# Conflicting opinions about repairs to old brick foundation



## elbee (Mar 5, 2009)

I have talked to 3 local people and have had 3 different answers, and am trying to find some more input or some clue to help me determine which way to go. I have an old, but not historic, home.

The problem is a circa 1850 (or earlier) foundation wall in need of repair. The three opinions are: 
1) it is absolutely necessary to analyze the mortar and use a precise mix to match or the bricks will be destroyed (contractor with experience in historic restoration). 
2) it is okay to use a pre-mixed mortar with additional lime added to soften it (mason who has been 'repairing walls like these for 30 years and never had a problem'). 
3) using pre-mixed from the store is fine. Anything else is a waste of time and money (retired contractor who is a friend--although this seems the least likely choice to me).
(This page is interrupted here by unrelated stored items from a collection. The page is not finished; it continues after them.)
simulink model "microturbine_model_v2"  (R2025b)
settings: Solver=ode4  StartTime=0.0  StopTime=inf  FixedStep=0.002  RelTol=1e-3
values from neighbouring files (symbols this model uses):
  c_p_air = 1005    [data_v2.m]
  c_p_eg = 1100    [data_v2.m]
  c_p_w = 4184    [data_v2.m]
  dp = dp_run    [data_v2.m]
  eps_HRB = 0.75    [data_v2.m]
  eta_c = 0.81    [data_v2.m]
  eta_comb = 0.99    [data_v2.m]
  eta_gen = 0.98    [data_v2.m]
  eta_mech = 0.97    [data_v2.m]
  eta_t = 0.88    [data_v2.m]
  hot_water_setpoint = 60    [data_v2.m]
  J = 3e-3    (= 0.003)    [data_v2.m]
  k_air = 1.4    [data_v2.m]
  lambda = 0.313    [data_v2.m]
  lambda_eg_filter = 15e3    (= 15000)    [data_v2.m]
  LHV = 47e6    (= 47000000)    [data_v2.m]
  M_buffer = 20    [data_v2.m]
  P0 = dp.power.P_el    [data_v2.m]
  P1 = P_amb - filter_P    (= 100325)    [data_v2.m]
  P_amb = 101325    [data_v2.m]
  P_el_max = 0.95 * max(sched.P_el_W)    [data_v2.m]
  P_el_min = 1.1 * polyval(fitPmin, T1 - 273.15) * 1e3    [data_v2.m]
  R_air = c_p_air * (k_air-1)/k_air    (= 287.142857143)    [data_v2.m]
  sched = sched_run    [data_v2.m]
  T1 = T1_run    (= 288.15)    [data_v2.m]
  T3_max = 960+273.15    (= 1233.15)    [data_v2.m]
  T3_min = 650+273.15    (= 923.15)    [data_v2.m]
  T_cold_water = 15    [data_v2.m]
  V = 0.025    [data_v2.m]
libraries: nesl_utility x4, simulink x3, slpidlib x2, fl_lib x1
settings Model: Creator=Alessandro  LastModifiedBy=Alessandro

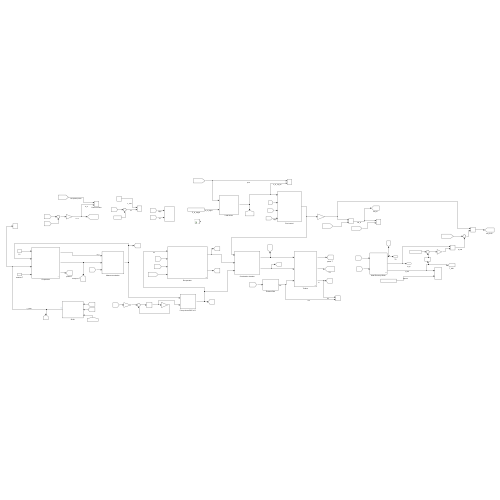
[thumbnail: Simulink's stored preview of the top-level diagram]
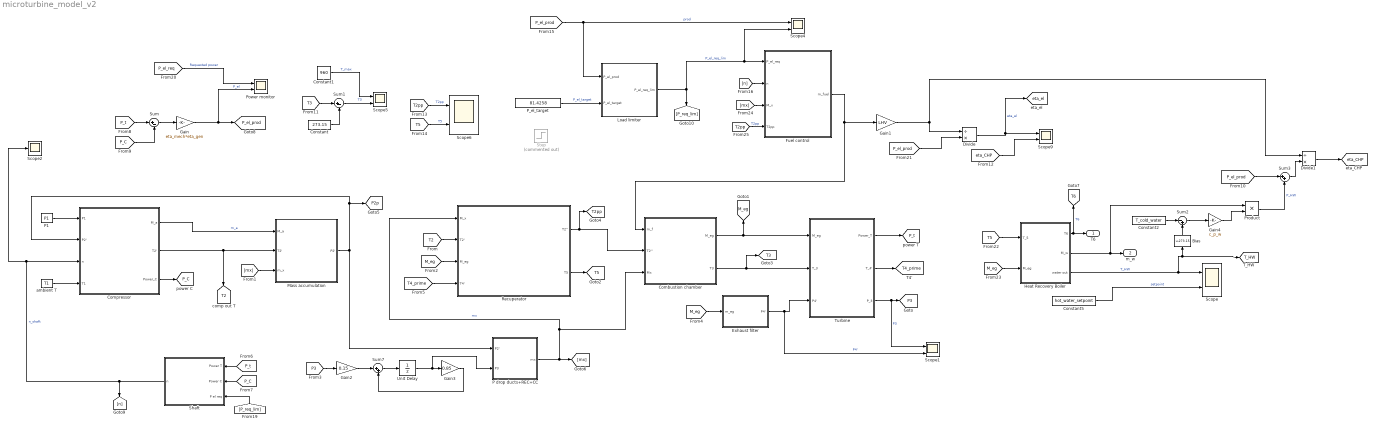
== system microturbine_model_v2 ==
  Bias : Bias  Bias=-273.15  SaturateOnIntegerOverflow=off
  Combustion chamber : Subsystem
      mask Display: image('360_F_235263034_miJw2igmixo7ymCqhHZ7c8wp9kaujzfM.jpg');
  Compressor : Subsystem
      mask Display: image('compressor_icon.png');
  Constant : Constant  Value=273.15
  Constant1 : Constant  Value=960
  Constant2 : Constant  Value=T_cold_water
  Constant5 : Constant  Value=hot_water_setpoint
  Divide : Product  Inputs=/*
  Divide1 : Product  Inputs=/*
  Exhaust filter : Subsystem
  Fuel control : Subsystem
  Gain : Gain  Gain=eta_mech*eta_gen
  Gain1 : Gain  Gain=LHV
  Gain2 : Gain  Gain=0.15
  Gain3 : Gain  Gain=0.85
  Gain4 : Gain  Gain=c_p_w
  Heat Recovery Boiler : Subsystem
  Load limiter : Subsystem
  Mass accumulation : Subsystem
  P drop ducts+REC+CC : Subsystem
  P1 : Constant  Value=P1
  P_el_target : Constant  Value=81.4258
  Power monitor : Scope  NumInputPorts=2
      settings: ActiveDisplayYMinimum=-9170.58872046804  ActiveDisplayYMaximum=119683.00366407538  DataLoggingDecimation=50  DataLoggingVariableName=ScopeData7
  Product : Product
  Recuperator : Subsystem
      mask Display: image('Heat-Transfer-in-a-Double-Pipe-Heat-Exchanger.jpg');
  Scope{,1,4..6,9} (6 alike) : Scope  NumInputPorts=2
      Scope settings: ActiveDisplayYMinimum=3.191503786041018  ActiveDisplayYMaximum=105.72122088980728  DataLoggingDecimation=50
      Scope1 settings: TimeDisplayOffset=20  ActiveDisplayYMinimum=-67410.697407891537  ActiveDisplayYMaximum=604536.71720488416  DataLoggingDecimation=50
      Scope4 settings: ActiveDisplayYMinimum=72643.782114693779  ActiveDisplayYMaximum=83704.868974122015  DataLoggingDecimation=50  DataLoggingVariableName=ScopeData8
      Scope5 settings: ActiveDisplayYMinimum=954.15751527655459  ActiveDisplayYMaximum=959.34960531631691  DataLoggingDecimation=50  DataLoggingVariableName=ScopeData5
      Scope6 settings: ActiveDisplayYMinimum=549.25379795566278  ActiveDisplayYMaximum=874.2834530892867  DataLoggingDecimation=50  DataLoggingVariableName=ScopeData6
      Scope9 settings: ActiveDisplayYMinimum=0.15948540822321575  ActiveDisplayYMaximum=0.4992395185212698  DataLoggingDecimation=50  DataLoggingVariableName=ScopeData9
  Scope2 : Scope
      settings: ActiveDisplayYMinimum=40436.974761073478  ActiveDisplayYMaximum=81944.16250433313  DataLoggingDecimation=50  DataLoggingVariableName=ScopeData2
  Shaft : Subsystem
  Step : Step  Commented=on  Time=10  Before=P0  After=P_el_max  SampleTime=0
  Sum : Sum  Inputs=|+-
  Sum1 : Sum  Inputs=|+-
  Sum2 : Sum  Inputs=|-+
  Sum3 : Sum  Inputs=|++
  Sum7 : Sum  Inputs=|++
  Turbine : Subsystem
  Unit Delay : UnitDelay  InitialCondition=dp.stations(3).P  SampleTime=-1  HasFrameUpgradeWarning=on
  ambient T : Constant  Value=T1
  T6 : Outport
  m_w : Outport  Port=2
  tag scope: M_eg=global, P2p=global, P3=global, P_C=global, P_el_prod=global, P_t=global, T2=global, T2pp=global, T3=global, T4_prime=global, T5=global, T6=global, T_HW=global, eta_CHP=global, eta_el=global
  wires:
  Compressor/1(M_a) -> Mass accumulation/1(M_a)  "m_a"
  Mass accumulation/1(P2') -> Compressor/2(P2'), [P2p], P drop ducts+REC+CC/1(P2')
  Compressor/2(T2') -> Mass accumulation/2(T2'), [T2]
  P1/1 -> Compressor/1(P1)
  [T2] -> Recuperator/2(T2')
  Recuperator/1(T2'') -> [T2pp], Combustion chamber/2("T2'' ")
  Combustion chamber/1("M_eg ") -> [M_eg], Turbine/1(M_eg)
  [M_eg] -> Recuperator/3(M_eg)
  Recuperator/2(T5) -> [T5]
  Combustion chamber/2(T3) -> [T3], Turbine/2(T_3)
  Turbine/3(P_3) -> Scope1/1, [P3]  "P3"
  Exhaust filter/1(P4') -> Scope1/2, Turbine/3(P4')  "P4'"
  [M_eg] -> Exhaust filter/1(m_eg)
  Compressor/3(Power_C) -> [P_C]
  [P_t] -> Shaft/1(Power T)
  [P_C] -> Shaft/2(Power C)
  [P_t] -> Sum/1
  [P_C] -> Sum/2
  Sum/1 -> Gain/1
  Gain/1 -> [P_el_prod], Power monitor/2  "P_el"
  P drop ducts+REC+CC/1(mx) -> [mx], Combustion chamber/3(Mx), Recuperator/1(M_x)  "mx"
  [mx] -> Mass accumulation/3(m_x)
  Fuel control/1(m_fuel) -> Combustion chamber/1(m_f), Gain1/1
  [P3] -> Gain2/1
  [T4_prime] -> Recuperator/4(T4')
  Turbine/2(T_4') -> [T4_prime]
  Turbine/1(Power_T) -> [P_t]
  Gain2/1 -> Sum7/1
  Unit Delay/1 -> P drop ducts+REC+CC/2(P3), Gain3/1
  Gain3/1 -> Sum7/2
  Sum7/1 -> Unit Delay/1
  [P_req_lim] -> Shaft/3(P el req)
  [T2pp] -> Scope6/1  "T2pp"
  [T5] -> Scope6/2  "T5"
  [T3] -> Sum1/1
  Sum1/1 -> Scope5/2  "T3"
  Constant/1 -> Sum1/2
  Constant1/1 -> Scope5/1  "T_max"
  [P_el_prod] -> Divide/2
  Gain1/1 -> Divide/1, Divide1/1
  Divide/1 -> [eta_el], Scope9/1  "eta_el"
  ambient T/1 -> Compressor/4(T1)
  [T5] -> Heat Recovery Boiler/1(T_5)
  [M_eg] -> Heat Recovery Boiler/2(M_eg)
  Heat Recovery Boiler/1(T6) -> T6/1, [T6]  "T6"
  Heat Recovery Boiler/2(M_w) -> Product/1, m_w/1
  Heat Recovery Boiler/3(water out) -> Bias/1, [T_HW], Scope/1  "T_HW"
  Constant5/1 -> Scope/2  "setpoint"
  [P_el_req] -> Power monitor/1  "Requested power"
  [mx] -> Fuel control/3(M_x)
  [T2pp] -> Fuel control/4(T2pp)  "T2pp"
  [n] -> Fuel control/2(n)
  [P_el_prod] -> Load limiter/1(P_el_prod), Scope4/1  "prod"
  Shaft/1(n) -> Scope2/1, Compressor/3(n), [n]  "n_shaft"
  Load limiter/1(P_el_req_lim) -> [P_req_lim], Scope4/2, Fuel control/1(P_el_req)  "P_el_req_lim"
  P_el_target/1 -> Load limiter/2(P_el_target)  "P_el_target"
  Constant2/1 -> Sum2/1
  Sum2/1 -> Gain4/1
  Gain4/1 -> Product/2
  Product/1 -> Sum3/2  "P_HW"
  [P_el_prod] -> Sum3/1
  Sum3/1 -> Divide1/2
  Divide1/1 -> [eta_CHP]
  [eta_CHP] -> Scope9/2
  Bias/1 -> Sum2/2

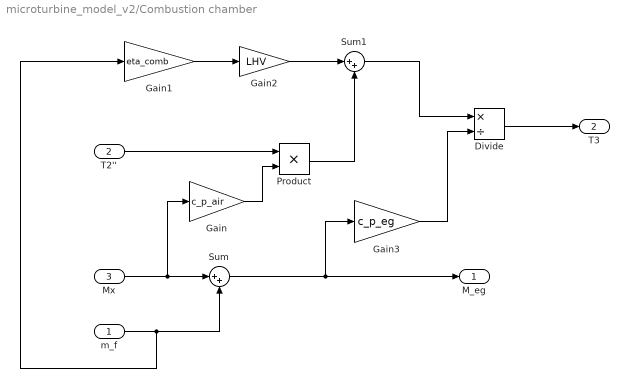
== system microturbine_model_v2/Combustion chamber ==
  m_f : Inport
  "T2'' " : Inport  Port=2
  Mx : Inport  Port=3
  Divide : Product  Inputs=*/
  Gain : Gain  Gain=c_p_air
  Gain1 : Gain  Gain=eta_comb
  Gain2 : Gain  Gain=LHV
  Gain3 : Gain  Gain=c_p_eg
  Product : Product
  Sum : Sum  Inputs=|++
  Sum1 : Sum  Inputs=|++
  "M_eg " : Outport
  T3 : Outport  Port=2
  wires:
  Sum/1 -> "M_eg "/1, Gain3/1
  Mx/1 -> Gain/1, Sum/1
  m_f/1 -> Sum/2, Gain1/1
  Sum1/1 -> Divide/1
  Divide/1 -> T3/1
  Gain/1 -> Product/2
  Gain1/1 -> Gain2/1
  Gain2/1 -> Sum1/1
  "T2'' "/1 -> Product/1
  Product/1 -> Sum1/2
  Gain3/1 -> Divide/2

So, in trying to figure out what to do, I've done lots of reading. Most on-line and library materials discuss brick homes, not brick foundations. The focus on mortar analysis (opinion #1) seems to be more about what sand was used so that the coloring will match for historic restoration on brick homes as opposed to simply the proportions of lime/sand/cement (if any) in the mortar. The articles focus on appearance issues from not using the right sand mix, although they do stress not using mix with Portland Cement on old brick. Very little, if any, of this repair that needs done is external, so I am not concerned about finding the right sand for a color match. Does anyone know (or can point me to a resource) about mortar analysis in terms of getting the mix exact? How critical is it to get the mix of lime/sand/cement precisely the same as the old mortar?

There is discussion of the bricks being destroyed by using a mortar with portland cement, and I'm unclear if using a pre-mix with additional lime might result in a crumbling foundation in the future. (Is portland cement the only kind of cement used in mortar or are there multiple types?) The mason (opinion 2) thinks that brick destruction is more an issue with an external house wall that faces temperature extremes, not a foundation wall that is largely underground.

I would appreciate any additional information/insight anyone on this site might have.


----------



## handyguys (Mar 5, 2009)

I'm no expert on this, someone else may chime in. I think you have bits of truth from everyone mixed with bits of lore from everyone.

Bricks, if re-using old brick, can be destroyed by using modern mortar. My understanding as to why has to do with the hardness, and therefore the porosity, of both the brick and the mortar. Using hard, new mortar, with old, soft, bricks will cause mosture issues in teh old brick which will lead to spalling. This is especially true in climates with freeze thaw and when they are outside, exposed to the weather.

So, I think they ALL are right to some degree. The last guy can likely get away with regular stuff because its not exposed to weather extremes. The first guy is trying to be most respectful to the original formulation and his approach will work just fine but be costly. The middle guy will possibly come up with something similar to the first guy and his approach will work too because, again, its not exposed to the weather.

Since this is a foundation, inside, unseen - I think you could even consider just re-building it with cinder block, new brick or even concrete and avoid the whole thing about new wineskins and old wine.

I'm not a mason, nor have I played one on TV. I expect a more informed expert to chime in.


----------